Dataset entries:

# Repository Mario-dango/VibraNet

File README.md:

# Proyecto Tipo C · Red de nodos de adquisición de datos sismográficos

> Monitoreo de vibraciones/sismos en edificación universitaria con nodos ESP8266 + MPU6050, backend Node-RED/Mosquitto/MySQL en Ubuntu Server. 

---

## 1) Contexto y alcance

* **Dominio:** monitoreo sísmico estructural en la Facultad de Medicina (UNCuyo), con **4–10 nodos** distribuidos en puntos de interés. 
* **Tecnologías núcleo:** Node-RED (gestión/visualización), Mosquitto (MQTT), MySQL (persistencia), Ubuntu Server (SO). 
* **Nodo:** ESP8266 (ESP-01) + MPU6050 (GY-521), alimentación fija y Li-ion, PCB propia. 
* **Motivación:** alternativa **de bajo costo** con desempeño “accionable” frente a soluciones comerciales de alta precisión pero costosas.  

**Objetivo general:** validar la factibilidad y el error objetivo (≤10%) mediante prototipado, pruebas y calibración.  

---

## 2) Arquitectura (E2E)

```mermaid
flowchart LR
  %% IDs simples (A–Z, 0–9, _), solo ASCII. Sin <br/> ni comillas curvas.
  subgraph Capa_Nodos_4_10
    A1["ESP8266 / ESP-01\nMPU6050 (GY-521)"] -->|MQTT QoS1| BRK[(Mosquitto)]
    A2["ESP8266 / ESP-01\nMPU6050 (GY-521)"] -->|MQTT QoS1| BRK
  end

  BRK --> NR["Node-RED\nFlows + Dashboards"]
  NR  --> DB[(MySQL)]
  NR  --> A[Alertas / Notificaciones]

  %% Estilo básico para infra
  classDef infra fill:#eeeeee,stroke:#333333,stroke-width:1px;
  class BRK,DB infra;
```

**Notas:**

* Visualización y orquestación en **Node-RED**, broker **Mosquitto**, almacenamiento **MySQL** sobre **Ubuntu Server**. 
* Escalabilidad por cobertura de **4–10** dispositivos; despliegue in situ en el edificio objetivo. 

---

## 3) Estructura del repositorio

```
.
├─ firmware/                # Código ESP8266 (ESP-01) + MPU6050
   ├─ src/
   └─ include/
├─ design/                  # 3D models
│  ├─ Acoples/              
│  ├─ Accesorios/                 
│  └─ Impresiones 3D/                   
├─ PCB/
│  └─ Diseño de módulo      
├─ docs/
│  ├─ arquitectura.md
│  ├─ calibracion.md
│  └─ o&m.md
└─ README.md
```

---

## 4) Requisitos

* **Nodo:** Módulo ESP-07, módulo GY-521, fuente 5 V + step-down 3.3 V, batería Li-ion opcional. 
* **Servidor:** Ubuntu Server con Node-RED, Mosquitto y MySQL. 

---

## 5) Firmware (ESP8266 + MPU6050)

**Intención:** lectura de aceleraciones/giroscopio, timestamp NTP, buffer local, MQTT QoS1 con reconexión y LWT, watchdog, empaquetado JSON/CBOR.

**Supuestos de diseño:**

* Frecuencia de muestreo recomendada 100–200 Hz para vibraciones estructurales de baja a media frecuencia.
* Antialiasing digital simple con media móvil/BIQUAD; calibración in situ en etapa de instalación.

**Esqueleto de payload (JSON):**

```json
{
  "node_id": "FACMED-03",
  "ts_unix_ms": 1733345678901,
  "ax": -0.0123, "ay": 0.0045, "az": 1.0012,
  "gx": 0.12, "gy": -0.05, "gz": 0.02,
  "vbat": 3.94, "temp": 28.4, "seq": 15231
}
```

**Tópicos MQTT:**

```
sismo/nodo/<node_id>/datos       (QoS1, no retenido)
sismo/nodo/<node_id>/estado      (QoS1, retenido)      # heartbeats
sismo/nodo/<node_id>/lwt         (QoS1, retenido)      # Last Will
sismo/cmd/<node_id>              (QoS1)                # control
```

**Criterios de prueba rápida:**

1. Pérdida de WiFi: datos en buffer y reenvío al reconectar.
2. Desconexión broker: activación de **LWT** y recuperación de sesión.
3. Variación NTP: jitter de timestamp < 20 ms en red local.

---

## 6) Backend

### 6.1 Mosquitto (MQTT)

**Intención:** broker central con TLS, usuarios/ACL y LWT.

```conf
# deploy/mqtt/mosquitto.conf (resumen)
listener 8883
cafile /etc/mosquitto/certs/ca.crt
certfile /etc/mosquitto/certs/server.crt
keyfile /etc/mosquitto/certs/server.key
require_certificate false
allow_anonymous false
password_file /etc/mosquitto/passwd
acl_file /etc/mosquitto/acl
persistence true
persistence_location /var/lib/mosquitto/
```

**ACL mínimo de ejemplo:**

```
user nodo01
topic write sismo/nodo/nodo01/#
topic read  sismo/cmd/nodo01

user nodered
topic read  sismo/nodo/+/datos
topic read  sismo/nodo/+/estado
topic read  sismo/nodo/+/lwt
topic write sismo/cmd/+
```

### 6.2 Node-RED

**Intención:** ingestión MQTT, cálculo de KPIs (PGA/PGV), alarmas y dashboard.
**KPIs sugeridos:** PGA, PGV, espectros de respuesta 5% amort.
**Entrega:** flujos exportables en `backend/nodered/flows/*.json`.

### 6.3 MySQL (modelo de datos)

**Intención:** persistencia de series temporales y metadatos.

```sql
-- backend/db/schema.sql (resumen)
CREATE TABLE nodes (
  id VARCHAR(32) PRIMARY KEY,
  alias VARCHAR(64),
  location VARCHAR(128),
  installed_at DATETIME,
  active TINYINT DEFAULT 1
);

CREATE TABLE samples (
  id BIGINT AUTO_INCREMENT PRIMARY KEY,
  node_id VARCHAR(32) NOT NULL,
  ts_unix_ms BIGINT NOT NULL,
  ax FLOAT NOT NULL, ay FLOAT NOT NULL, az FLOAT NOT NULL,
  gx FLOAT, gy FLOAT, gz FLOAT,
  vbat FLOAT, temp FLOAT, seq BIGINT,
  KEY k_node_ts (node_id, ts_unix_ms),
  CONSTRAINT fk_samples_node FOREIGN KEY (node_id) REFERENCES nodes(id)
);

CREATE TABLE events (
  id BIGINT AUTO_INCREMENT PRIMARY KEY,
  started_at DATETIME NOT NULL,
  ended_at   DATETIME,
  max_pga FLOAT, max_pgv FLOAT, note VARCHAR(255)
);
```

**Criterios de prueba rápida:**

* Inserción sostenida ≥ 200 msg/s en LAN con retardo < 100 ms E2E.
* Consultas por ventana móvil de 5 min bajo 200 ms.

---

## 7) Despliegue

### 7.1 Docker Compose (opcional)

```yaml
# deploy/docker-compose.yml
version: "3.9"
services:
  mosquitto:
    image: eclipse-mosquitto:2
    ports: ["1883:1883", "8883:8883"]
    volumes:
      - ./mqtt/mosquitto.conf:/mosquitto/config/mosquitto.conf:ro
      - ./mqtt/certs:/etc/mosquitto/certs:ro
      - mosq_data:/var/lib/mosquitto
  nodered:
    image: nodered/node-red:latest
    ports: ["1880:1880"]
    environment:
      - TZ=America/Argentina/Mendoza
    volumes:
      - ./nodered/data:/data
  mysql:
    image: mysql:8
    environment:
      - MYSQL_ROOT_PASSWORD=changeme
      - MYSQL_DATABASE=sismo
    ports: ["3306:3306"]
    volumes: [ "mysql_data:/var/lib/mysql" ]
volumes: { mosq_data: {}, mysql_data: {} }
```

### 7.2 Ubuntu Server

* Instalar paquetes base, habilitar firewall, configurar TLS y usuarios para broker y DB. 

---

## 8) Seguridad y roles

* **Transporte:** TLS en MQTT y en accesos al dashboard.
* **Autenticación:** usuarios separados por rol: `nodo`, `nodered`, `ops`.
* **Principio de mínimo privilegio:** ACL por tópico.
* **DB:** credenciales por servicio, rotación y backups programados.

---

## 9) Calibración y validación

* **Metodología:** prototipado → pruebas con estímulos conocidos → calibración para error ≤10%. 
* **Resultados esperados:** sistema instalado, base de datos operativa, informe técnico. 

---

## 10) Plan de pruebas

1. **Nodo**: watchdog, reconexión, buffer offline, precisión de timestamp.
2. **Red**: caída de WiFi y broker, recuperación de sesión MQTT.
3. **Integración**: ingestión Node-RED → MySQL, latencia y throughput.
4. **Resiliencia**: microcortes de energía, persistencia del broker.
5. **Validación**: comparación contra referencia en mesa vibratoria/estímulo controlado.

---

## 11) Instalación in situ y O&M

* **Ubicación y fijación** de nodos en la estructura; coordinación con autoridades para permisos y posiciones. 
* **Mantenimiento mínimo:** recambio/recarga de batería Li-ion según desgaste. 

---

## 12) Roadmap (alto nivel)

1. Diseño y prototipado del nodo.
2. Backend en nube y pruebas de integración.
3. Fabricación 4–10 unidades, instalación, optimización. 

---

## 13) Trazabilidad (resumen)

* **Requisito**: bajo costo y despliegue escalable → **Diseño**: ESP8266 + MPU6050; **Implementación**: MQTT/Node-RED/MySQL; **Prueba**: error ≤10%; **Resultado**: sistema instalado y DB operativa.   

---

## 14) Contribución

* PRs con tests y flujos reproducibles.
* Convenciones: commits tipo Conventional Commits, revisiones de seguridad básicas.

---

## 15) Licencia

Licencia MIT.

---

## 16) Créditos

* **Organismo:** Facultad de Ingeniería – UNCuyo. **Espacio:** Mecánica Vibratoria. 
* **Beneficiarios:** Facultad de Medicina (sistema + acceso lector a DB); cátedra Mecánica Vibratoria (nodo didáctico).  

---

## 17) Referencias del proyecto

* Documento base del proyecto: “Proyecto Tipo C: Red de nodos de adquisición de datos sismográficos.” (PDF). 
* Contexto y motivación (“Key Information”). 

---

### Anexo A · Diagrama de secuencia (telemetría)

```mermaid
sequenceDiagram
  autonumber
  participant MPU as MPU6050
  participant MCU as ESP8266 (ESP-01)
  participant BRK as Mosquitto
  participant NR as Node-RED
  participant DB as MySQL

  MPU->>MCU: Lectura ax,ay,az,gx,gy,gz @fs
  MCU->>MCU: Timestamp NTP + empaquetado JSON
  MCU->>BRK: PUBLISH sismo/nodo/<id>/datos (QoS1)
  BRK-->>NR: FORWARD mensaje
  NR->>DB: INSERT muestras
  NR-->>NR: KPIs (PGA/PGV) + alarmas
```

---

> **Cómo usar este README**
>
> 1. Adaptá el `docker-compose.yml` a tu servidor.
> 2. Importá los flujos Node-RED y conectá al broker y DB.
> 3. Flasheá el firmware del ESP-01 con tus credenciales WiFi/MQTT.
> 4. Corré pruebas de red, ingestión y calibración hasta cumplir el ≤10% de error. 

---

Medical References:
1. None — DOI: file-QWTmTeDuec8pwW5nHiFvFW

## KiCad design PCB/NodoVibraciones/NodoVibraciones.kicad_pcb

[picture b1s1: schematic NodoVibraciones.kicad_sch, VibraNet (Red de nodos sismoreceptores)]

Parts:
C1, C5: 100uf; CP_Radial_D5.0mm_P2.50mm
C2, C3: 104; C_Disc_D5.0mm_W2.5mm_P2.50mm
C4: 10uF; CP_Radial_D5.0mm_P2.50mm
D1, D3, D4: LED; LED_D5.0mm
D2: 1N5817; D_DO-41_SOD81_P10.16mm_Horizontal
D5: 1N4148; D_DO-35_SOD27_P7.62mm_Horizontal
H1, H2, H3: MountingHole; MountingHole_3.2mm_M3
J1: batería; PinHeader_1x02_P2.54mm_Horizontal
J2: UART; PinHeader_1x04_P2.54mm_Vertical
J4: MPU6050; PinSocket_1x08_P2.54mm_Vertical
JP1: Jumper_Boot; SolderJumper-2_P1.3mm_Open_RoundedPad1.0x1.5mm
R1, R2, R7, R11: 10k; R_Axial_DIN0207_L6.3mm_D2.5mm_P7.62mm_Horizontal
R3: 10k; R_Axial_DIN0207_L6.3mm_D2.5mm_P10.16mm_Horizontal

-- What is being asked --
Please output the exact lines of the records above, beginning with the first and stopping after the line that holds "## 1) Contexto y alcance", and nothing else.

-- Your response --
# Repository Mario-dango/VibraNet

File README.md:

# Proyecto Tipo C · Red de nodos de adquisición de datos sismográficos

> Monitoreo de vibraciones/sismos en edificación universitaria con nodos ESP8266 + MPU6050, backend Node-RED/Mosquitto/MySQL en Ubuntu Server. 

---

## 1) Contexto y alcance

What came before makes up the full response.